§ **Required action**: How many of the lines below hold the string "ezdxf"? Say only the number.

§ **Data for this exercise**:

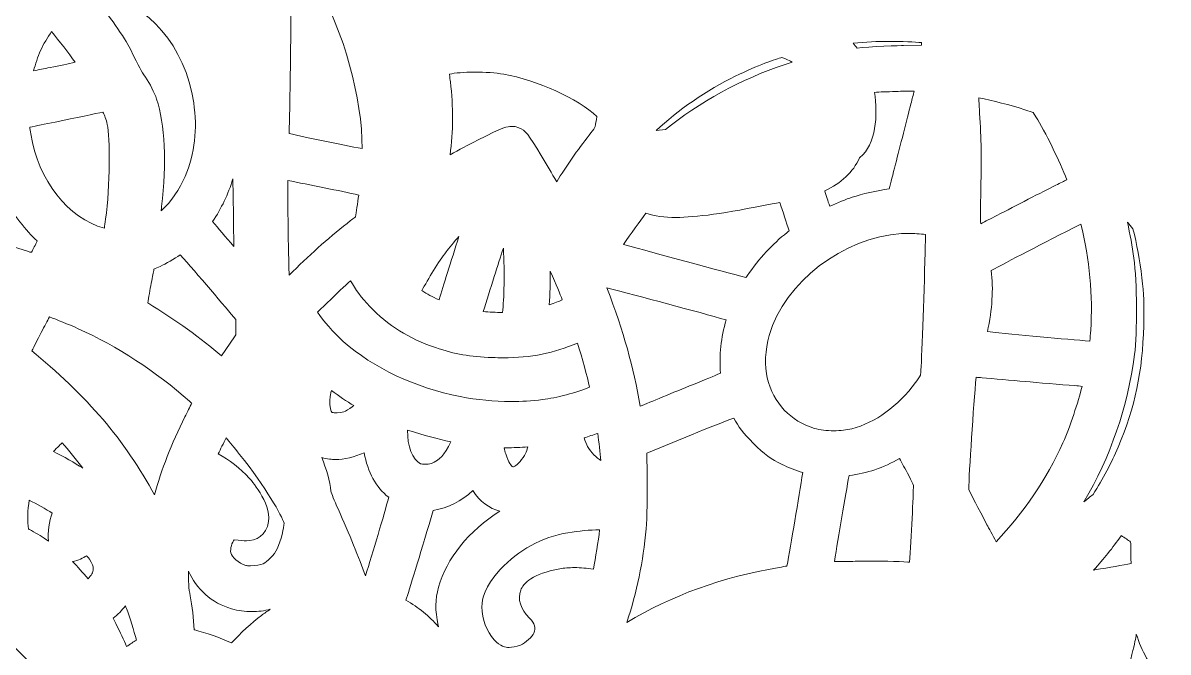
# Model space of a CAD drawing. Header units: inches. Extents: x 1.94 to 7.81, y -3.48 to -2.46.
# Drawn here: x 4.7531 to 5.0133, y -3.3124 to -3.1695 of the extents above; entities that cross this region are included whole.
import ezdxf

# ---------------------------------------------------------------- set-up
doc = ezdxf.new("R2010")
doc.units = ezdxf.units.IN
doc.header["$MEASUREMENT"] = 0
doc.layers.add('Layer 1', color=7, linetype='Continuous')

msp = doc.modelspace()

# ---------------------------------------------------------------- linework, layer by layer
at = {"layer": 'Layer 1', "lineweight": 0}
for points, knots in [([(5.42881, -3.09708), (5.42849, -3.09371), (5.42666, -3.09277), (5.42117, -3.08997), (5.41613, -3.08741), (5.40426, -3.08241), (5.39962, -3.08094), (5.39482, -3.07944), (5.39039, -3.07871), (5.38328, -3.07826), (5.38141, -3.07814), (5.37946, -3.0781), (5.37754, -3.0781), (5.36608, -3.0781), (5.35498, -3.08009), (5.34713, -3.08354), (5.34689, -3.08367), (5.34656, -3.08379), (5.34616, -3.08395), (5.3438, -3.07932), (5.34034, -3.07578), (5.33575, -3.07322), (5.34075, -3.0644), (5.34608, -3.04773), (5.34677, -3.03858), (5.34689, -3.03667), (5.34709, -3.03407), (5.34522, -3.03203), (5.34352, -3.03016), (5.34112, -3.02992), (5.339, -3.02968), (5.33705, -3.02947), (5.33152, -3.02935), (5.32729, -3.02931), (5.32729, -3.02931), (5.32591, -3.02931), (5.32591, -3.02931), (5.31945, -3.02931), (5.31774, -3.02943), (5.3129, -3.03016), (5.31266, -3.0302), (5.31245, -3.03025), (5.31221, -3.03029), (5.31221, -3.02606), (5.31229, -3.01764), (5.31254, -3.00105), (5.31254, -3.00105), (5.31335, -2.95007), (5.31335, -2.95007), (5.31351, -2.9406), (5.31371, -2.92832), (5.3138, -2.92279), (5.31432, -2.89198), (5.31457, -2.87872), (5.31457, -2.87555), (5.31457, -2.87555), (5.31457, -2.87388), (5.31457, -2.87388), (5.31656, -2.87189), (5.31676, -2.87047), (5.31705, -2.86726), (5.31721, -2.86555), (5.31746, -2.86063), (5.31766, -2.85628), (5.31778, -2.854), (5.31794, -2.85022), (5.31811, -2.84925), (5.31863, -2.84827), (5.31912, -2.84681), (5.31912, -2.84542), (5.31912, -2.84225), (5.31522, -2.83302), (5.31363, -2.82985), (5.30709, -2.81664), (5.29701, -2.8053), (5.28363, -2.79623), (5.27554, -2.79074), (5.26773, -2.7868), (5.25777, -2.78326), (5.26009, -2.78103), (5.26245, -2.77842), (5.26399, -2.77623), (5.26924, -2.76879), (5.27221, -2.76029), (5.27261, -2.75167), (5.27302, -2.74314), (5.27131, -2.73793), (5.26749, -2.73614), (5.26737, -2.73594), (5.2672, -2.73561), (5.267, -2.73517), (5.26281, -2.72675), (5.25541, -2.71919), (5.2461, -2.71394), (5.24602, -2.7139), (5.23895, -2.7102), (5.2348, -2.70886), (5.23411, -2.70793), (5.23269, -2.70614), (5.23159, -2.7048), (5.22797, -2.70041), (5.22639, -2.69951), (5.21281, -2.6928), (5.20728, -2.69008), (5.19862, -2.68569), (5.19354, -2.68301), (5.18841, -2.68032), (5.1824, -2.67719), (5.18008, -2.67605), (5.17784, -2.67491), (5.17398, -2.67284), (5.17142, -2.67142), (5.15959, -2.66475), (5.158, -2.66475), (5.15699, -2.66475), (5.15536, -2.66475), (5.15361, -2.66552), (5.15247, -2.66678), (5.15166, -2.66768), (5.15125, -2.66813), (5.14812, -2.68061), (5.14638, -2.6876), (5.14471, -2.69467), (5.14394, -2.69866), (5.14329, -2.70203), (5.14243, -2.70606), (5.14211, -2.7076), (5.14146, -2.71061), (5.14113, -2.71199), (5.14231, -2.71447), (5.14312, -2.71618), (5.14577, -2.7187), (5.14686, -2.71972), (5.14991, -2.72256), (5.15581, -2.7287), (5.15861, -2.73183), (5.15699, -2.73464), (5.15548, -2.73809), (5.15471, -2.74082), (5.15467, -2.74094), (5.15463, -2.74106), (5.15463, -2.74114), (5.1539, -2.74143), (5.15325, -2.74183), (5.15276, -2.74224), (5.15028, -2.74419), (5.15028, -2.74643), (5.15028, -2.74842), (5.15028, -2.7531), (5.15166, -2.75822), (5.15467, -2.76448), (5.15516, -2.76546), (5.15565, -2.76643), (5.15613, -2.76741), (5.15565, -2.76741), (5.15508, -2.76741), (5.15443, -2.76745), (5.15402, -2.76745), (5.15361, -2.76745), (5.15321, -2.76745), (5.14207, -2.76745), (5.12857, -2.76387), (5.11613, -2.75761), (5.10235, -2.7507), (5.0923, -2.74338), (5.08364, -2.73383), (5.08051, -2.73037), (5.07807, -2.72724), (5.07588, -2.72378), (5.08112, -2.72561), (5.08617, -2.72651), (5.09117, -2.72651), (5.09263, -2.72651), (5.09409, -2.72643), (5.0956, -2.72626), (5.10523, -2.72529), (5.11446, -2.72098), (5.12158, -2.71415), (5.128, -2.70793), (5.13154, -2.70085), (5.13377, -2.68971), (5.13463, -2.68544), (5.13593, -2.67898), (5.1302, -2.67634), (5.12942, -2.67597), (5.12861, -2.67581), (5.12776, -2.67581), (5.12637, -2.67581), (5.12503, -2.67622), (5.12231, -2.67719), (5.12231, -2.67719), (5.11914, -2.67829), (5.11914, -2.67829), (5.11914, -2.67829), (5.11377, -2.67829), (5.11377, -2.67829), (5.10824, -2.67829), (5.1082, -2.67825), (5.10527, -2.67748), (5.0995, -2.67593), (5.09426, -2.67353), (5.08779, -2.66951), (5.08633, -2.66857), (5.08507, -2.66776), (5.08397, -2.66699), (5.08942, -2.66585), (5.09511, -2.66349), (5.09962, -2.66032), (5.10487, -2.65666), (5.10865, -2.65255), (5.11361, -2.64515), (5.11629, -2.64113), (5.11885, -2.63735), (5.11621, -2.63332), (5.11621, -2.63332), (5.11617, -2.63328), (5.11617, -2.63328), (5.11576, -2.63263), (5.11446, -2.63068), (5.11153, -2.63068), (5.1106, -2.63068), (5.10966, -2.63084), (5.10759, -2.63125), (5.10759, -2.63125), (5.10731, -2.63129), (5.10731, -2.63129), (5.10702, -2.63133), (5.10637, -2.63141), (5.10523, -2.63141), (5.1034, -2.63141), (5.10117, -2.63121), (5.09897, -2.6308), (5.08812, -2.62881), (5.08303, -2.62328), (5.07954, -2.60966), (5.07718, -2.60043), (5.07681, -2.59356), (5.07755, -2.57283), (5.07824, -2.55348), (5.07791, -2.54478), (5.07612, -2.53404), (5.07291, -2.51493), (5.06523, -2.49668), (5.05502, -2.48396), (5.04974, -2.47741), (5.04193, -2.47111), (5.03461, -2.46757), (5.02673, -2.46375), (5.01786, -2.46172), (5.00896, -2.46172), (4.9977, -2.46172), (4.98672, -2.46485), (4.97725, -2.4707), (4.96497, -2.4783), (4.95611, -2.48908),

§ **Output for this exercise**: 3